While telescopes and sensitive cameras often resolve space objects as discrete points of light, low-resolution detectors of light such as the human eye see only the combined effect of many such objects. The effect is an overall increase in the diffuse brightness of the night sky, such as the glowing clouds of stars in the Milky Way as seen away from the light pollution of cities.

“Unlike ground-based light pollution, this kind of artificial light in the night sky can be seen across a large part of the Earth’s surface,” explained John Barentine, IDA’s Director of Public Policy and a study co-author.

“Astronomers build observatories far from city lights to seek dark skies, but this form of light pollution has a much larger geographic reach.” 

Concerns grow with the launch of ‘mega-constellations’

Astronomers have expressed unease in recent years about the growing number of objects orbiting the planet, particularly large fleets of communications satellites known informally as ‘mega-constellations.’ 

In addition to crowding the night sky with more moving sources of artificial light, the arrival of this technology increases the probability of collisions among satellites or between satellites and other objects, generating further debris.

A summary of all objects in Earth orbit officially cataloged by the U.S. Space Surveillance Network as of 2019. Graphic by the U.S. National Aeronautics and Space Administration Orbital Debris Program Office.

Recent reports sponsored by the U.S. National Science Foundation and the United Nations Office for Outer Space Affairs identified mega-constellations as a threat to the continued utility of billions of dollars’ worth of astronomy facilities on the ground and in low-Earth orbit.

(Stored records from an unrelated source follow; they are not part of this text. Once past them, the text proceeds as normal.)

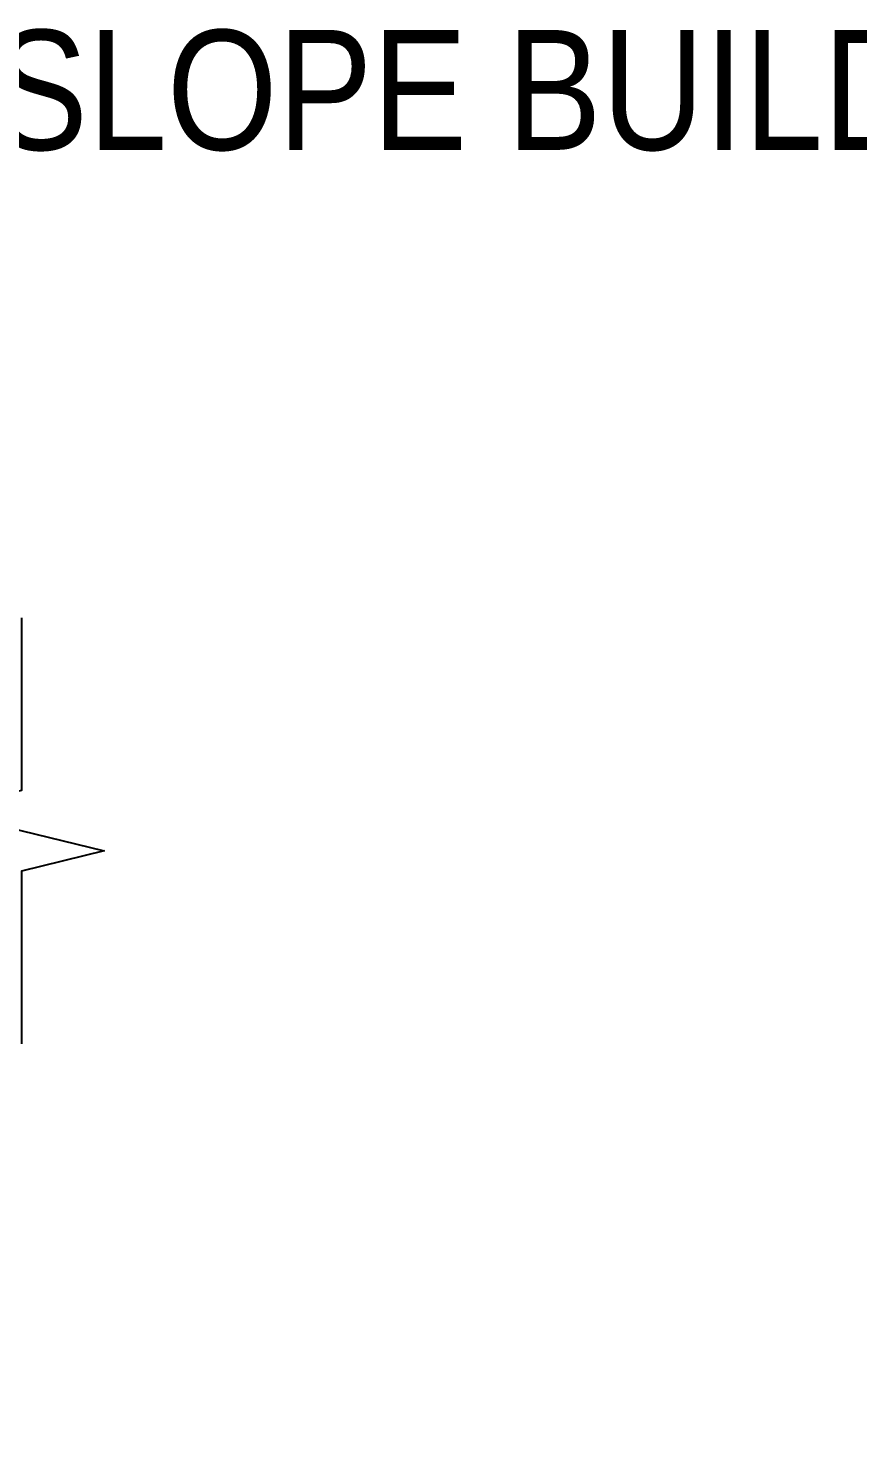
# Model space of a CAD drawing. Header units: inches. Extents: x -2661 to 42767, y -1222 to 9099.
# Drawn here: x 2376.66 to 2384.45, y 1408.16 to 1421.4 of the extents above; entities that cross this region are included whole.
import ezdxf
from ezdxf import colors
from ezdxf.entities.mleader import LeaderData, LeaderLine
from ezdxf.math import Vec2, Vec3

# ---------------------------------------------------------------- set-up
doc = ezdxf.new("R2010")
doc.units = ezdxf.units.IN
doc.header["$LTSCALE"] = 12
doc.header["$MEASUREMENT"] = 0
doc.layers.add('S-ANNO-NOTE', color=4, linetype='CONTINUOUS')
doc.layers.add('S-ARCH', color=1, linetype='CONTINUOUS')
doc.styles.add('Arial', font='arial.ttf', dxfattribs={"width": 0.85})

# ---------------------------------------------------------------- blocks, each defined once
blk = doc.blocks.new('ARCH_Roof Deck_TILE 2')
at = {"layer": 'S-ARCH'}
blk.add_lwpolyline([(0, 11.003), (0, 9.382), (-0.778, 9.193), (0.778, 8.814), (0, 8.625), (0, 7.003)], dxfattribs=at)

msp = doc.modelspace()

# ---------------------------------------------------------------- block references
at = {"layer": 'S-ARCH'}
msp.add_blockref('ARCH_Roof Deck_TILE 2', (2376.59544, 1404.86732), dxfattribs=at)

# ---------------------------------------------------------------- leaders
at = {"layer": 'S-ANNO-NOTE'}
ml = msp.add_multileader_mtext('Standard', dxfattribs=at)
ml.set_content('\\A1;WATERPROOFING AND SLOPE BUILDUP BY OTHERS', color=4, style='Arial')
ml.set_leader_properties(color=2)
ml.build(insert=Vec2(0, 0))
ml.multileader.update_dxf_attribs({"dogleg_length": 0.36, "arrow_head_size": 1.3125, "scale": 12})
ctx = ml.context
ctx.base_point, ctx.scale, ctx.char_height, ctx.arrow_head_size, ctx.landing_gap_size, ctx.plane_origin = Vec3(2359.73953, 1420.81324), 12, 1.125, 1.3125, 1.08, Vec3(2314.53274, 1796.68849)
notes = []
notes.append((ctx, [(0, (1, 1, 0), (2358.23953, 1420.81324), (1, 0), 1.5, [(0, [(2351.39729, 1407.40169)], 0, [])])]))
ctx.mtext.insert, ctx.mtext.width, ctx.mtext.flow_direction = Vec3(2360.81953, 1421.38534), 15.944866, 5
for ctx, leaders in notes:
    for number, flags, end, landing, length, lines in leaders:
        leader = LeaderData()
        leader.index, (leader.has_last_leader_line, leader.has_dogleg_vector, leader.attachment_direction) = number, flags
        leader.last_leader_point, leader.dogleg_vector, leader.dogleg_length = Vec3(end), Vec3(landing), length
        for number, points, colour, breaks in lines:
            line = LeaderLine()
            line.index, line.vertices, line.color, line.breaks = number, Vec3.list(points), colors.encode_raw_color(colour), breaks
            leader.lines.append(line)
        ctx.leaders.append(leader)

doc.saveas('drawing.dxf')

The new science results published today imply a further brightening of the night sky proportional to the number of new satellites launched and their optical characteristics on orbit. Satellite operators like SpaceX have recently worked to lower the brightness of their spacecraft through design changes.

Despite these mitigating efforts, the collective effect of a sharp increase in orbiting objects stands to change the experience of the night sky for many.

The researchers hope that their work will change the nature of the ongoing dialog between satellite operators and astronomers concerning how best to manage the orbital space around the Earth.

“Our results imply that many more people than just astronomers stand to lose access to pristine night skies,” Barentine said. “This paper may really change the nature of that conversation.”